**Task details:** Transcribe the full listing below, word for word, without pictures.

───── Listed records ─────

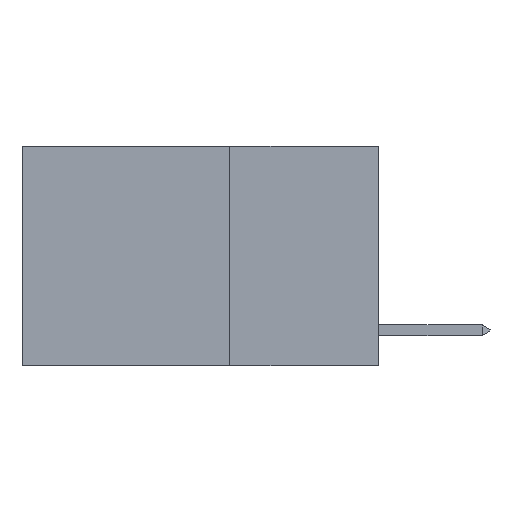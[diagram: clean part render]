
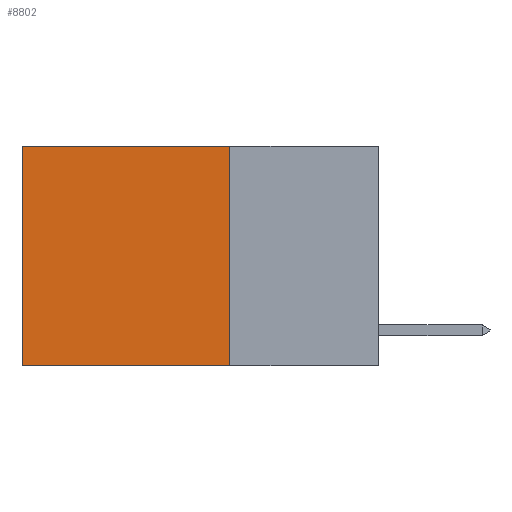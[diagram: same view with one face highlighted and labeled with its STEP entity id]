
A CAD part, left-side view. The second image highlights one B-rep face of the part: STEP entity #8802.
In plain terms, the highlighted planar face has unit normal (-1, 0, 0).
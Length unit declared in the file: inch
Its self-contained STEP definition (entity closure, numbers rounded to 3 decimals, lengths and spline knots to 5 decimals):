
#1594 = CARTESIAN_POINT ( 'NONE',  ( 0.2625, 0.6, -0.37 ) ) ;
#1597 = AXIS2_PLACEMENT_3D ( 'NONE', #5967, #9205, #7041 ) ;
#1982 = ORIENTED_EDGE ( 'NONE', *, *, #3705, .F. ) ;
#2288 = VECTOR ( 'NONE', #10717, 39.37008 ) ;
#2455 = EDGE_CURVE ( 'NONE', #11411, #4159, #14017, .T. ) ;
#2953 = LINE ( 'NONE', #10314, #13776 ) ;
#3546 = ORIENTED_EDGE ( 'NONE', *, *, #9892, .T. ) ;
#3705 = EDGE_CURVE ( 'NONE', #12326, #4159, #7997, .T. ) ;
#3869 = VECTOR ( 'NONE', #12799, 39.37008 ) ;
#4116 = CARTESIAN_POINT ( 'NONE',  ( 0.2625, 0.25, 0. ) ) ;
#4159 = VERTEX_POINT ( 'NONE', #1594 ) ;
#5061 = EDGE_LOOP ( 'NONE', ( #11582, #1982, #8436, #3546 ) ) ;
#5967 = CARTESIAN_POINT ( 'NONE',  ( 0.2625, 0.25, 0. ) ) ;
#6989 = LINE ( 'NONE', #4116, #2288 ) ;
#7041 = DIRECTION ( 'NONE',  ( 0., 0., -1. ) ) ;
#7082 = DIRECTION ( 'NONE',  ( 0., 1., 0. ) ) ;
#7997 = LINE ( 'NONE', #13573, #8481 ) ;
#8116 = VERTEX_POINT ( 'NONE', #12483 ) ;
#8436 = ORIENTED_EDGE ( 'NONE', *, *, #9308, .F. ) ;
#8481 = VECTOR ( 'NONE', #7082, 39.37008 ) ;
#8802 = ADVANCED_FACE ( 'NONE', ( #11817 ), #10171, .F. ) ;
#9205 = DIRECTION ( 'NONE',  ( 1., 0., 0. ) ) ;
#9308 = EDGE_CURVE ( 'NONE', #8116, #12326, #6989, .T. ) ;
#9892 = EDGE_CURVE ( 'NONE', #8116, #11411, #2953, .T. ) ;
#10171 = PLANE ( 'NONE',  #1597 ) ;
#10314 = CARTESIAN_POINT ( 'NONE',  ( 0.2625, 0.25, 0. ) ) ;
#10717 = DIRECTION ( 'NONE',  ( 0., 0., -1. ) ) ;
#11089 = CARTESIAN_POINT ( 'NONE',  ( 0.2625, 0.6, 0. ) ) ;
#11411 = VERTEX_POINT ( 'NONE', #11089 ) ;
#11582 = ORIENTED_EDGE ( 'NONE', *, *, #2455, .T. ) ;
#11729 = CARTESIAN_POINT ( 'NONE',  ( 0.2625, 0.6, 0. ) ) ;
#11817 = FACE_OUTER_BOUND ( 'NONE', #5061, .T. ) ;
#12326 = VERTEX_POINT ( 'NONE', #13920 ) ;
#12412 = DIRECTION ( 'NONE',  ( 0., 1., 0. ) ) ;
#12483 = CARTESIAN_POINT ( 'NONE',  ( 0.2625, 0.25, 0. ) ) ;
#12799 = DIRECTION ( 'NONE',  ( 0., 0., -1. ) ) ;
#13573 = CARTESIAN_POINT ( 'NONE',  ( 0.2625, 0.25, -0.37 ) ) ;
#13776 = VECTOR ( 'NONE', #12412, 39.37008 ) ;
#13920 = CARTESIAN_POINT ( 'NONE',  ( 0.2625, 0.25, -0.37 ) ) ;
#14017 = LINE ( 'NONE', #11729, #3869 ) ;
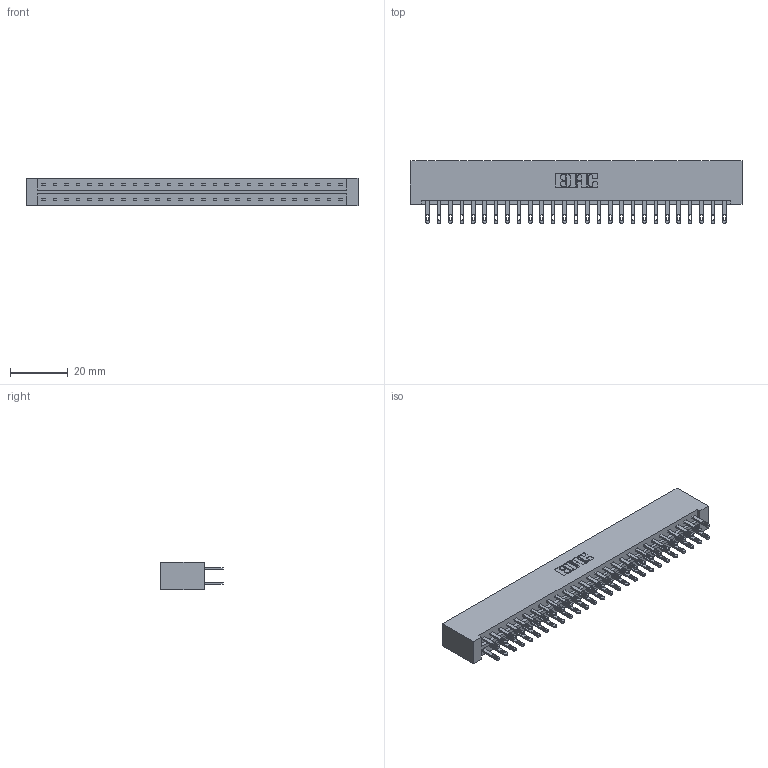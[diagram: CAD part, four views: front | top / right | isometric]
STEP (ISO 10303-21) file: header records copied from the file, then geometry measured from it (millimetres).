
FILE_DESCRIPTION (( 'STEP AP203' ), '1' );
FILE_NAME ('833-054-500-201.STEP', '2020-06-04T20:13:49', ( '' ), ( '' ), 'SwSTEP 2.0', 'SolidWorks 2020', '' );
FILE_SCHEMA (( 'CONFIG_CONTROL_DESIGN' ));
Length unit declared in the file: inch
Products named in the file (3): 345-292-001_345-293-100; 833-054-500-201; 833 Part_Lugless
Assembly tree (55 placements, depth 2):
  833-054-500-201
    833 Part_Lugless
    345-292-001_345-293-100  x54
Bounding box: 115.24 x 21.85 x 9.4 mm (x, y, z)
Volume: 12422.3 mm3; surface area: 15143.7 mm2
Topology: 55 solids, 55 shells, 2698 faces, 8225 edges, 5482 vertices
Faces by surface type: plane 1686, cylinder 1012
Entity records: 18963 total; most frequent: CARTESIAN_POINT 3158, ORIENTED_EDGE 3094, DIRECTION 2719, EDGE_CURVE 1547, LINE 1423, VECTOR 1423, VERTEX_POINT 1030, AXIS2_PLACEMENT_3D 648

─────

**Answer to the exercise:**
[diagram: clean part render]
[diagram: same view with one face highlighted and labeled with its STEP entity id]
A CAD part, left-side view. The second image highlights one B-rep face of the part: STEP entity #8802.
In plain terms, the highlighted planar face has unit normal (-1, 0, 0).
Length unit declared in the file: inch
Its self-contained STEP definition (entity closure, numbers rounded to 3 decimals, lengths and spline knots to 5 decimals):
#1594 = CARTESIAN_POINT ( 'NONE',  ( 0.2625, 0.6, -0.37 ) ) ;
#1597 = AXIS2_PLACEMENT_3D ( 'NONE', #5967, #9205, #7041 ) ;
#1982 = ORIENTED_EDGE ( 'NONE', *, *, #3705, .F. ) ;
#2288 = VECTOR ( 'NONE', #10717, 39.37008 ) ;
#2455 = EDGE_CURVE ( 'NONE', #11411, #4159, #14017, .T. ) ;
#2953 = LINE ( 'NONE', #10314, #13776 ) ;
#3546 = ORIENTED_EDGE ( 'NONE', *, *, #9892, .T. ) ;
#3705 = EDGE_CURVE ( 'NONE', #12326, #4159, #7997, .T. ) ;
#3869 = VECTOR ( 'NONE', #12799, 39.37008 ) ;
#4116 = CARTESIAN_POINT ( 'NONE',  ( 0.2625, 0.25, 0. ) ) ;
#4159 = VERTEX_POINT ( 'NONE', #1594 ) ;
#5061 = EDGE_LOOP ( 'NONE', ( #11582, #1982, #8436, #3546 ) ) ;
#5967 = CARTESIAN_POINT ( 'NONE',  ( 0.2625, 0.25, 0. ) ) ;
#6989 = LINE ( 'NONE', #4116, #2288 ) ;
#7041 = DIRECTION ( 'NONE',  ( 0., 0., -1. ) ) ;
#7082 = DIRECTION ( 'NONE',  ( 0., 1., 0. ) ) ;
#7997 = LINE ( 'NONE', #13573, #8481 ) ;
#8116 = VERTEX_POINT ( 'NONE', #12483 ) ;
#8436 = ORIENTED_EDGE ( 'NONE', *, *, #9308, .F. ) ;
#8481 = VECTOR ( 'NONE', #7082, 39.37008 ) ;
#8802 = ADVANCED_FACE ( 'NONE', ( #11817 ), #10171, .F. ) ;
#9205 = DIRECTION ( 'NONE',  ( 1., 0., 0. ) ) ;
#9308 = EDGE_CURVE ( 'NONE', #8116, #12326, #6989, .T. ) ;
#9892 = EDGE_CURVE ( 'NONE', #8116, #11411, #2953, .T. ) ;
#10171 = PLANE ( 'NONE',  #1597 ) ;
#10314 = CARTESIAN_POINT ( 'NONE',  ( 0.2625, 0.25, 0. ) ) ;
#10717 = DIRECTION ( 'NONE',  ( 0., 0., -1. ) ) ;
#11089 = CARTESIAN_POINT ( 'NONE',  ( 0.2625, 0.6, 0. ) ) ;
#11411 = VERTEX_POINT ( 'NONE', #11089 ) ;
#11582 = ORIENTED_EDGE ( 'NONE', *, *, #2455, .T. ) ;
#11729 = CARTESIAN_POINT ( 'NONE',  ( 0.2625, 0.6, 0. ) ) ;
#11817 = FACE_OUTER_BOUND ( 'NONE', #5061, .T. ) ;
#12326 = VERTEX_POINT ( 'NONE', #13920 ) ;
#12412 = DIRECTION ( 'NONE',  ( 0., 1., 0. ) ) ;
#12483 = CARTESIAN_POINT ( 'NONE',  ( 0.2625, 0.25, 0. ) ) ;
#12799 = DIRECTION ( 'NONE',  ( 0., 0., -1. ) ) ;
#13573 = CARTESIAN_POINT ( 'NONE',  ( 0.2625, 0.25, -0.37 ) ) ;
#13776 = VECTOR ( 'NONE', #12412, 39.37008 ) ;
#13920 = CARTESIAN_POINT ( 'NONE',  ( 0.2625, 0.25, -0.37 ) ) ;
#14017 = LINE ( 'NONE', #11729, #3869 ) ;
[diagram: CAD part, four views: front | top / right | isometric]
STEP (ISO 10303-21) file: header records copied from the file, then geometry measured from it (millimetres).
FILE_DESCRIPTION (( 'STEP AP203' ), '1' );
FILE_NAME ('833-054-500-201.STEP', '2020-06-04T20:13:49', ( '' ), ( '' ), 'SwSTEP 2.0', 'SolidWorks 2020', '' );
FILE_SCHEMA (( 'CONFIG_CONTROL_DESIGN' ));
Length unit declared in the file: inch
Products named in the file (3): 345-292-001_345-293-100; 833-054-500-201; 833 Part_Lugless
Assembly tree (55 placements, depth 2):
  833-054-500-201
    833 Part_Lugless
    345-292-001_345-293-100  x54
Bounding box: 115.24 x 21.85 x 9.4 mm (x, y, z)
Volume: 12422.3 mm3; surface area: 15143.7 mm2
Topology: 55 solids, 55 shells, 2698 faces, 8225 edges, 5482 vertices
Faces by surface type: plane 1686, cylinder 1012
Entity records: 18963 total; most frequent: CARTESIAN_POINT 3158, ORIENTED_EDGE 3094, DIRECTION 2719, EDGE_CURVE 1547, LINE 1423, VECTOR 1423, VERTEX_POINT 1030, AXIS2_PLACEMENT_3D 648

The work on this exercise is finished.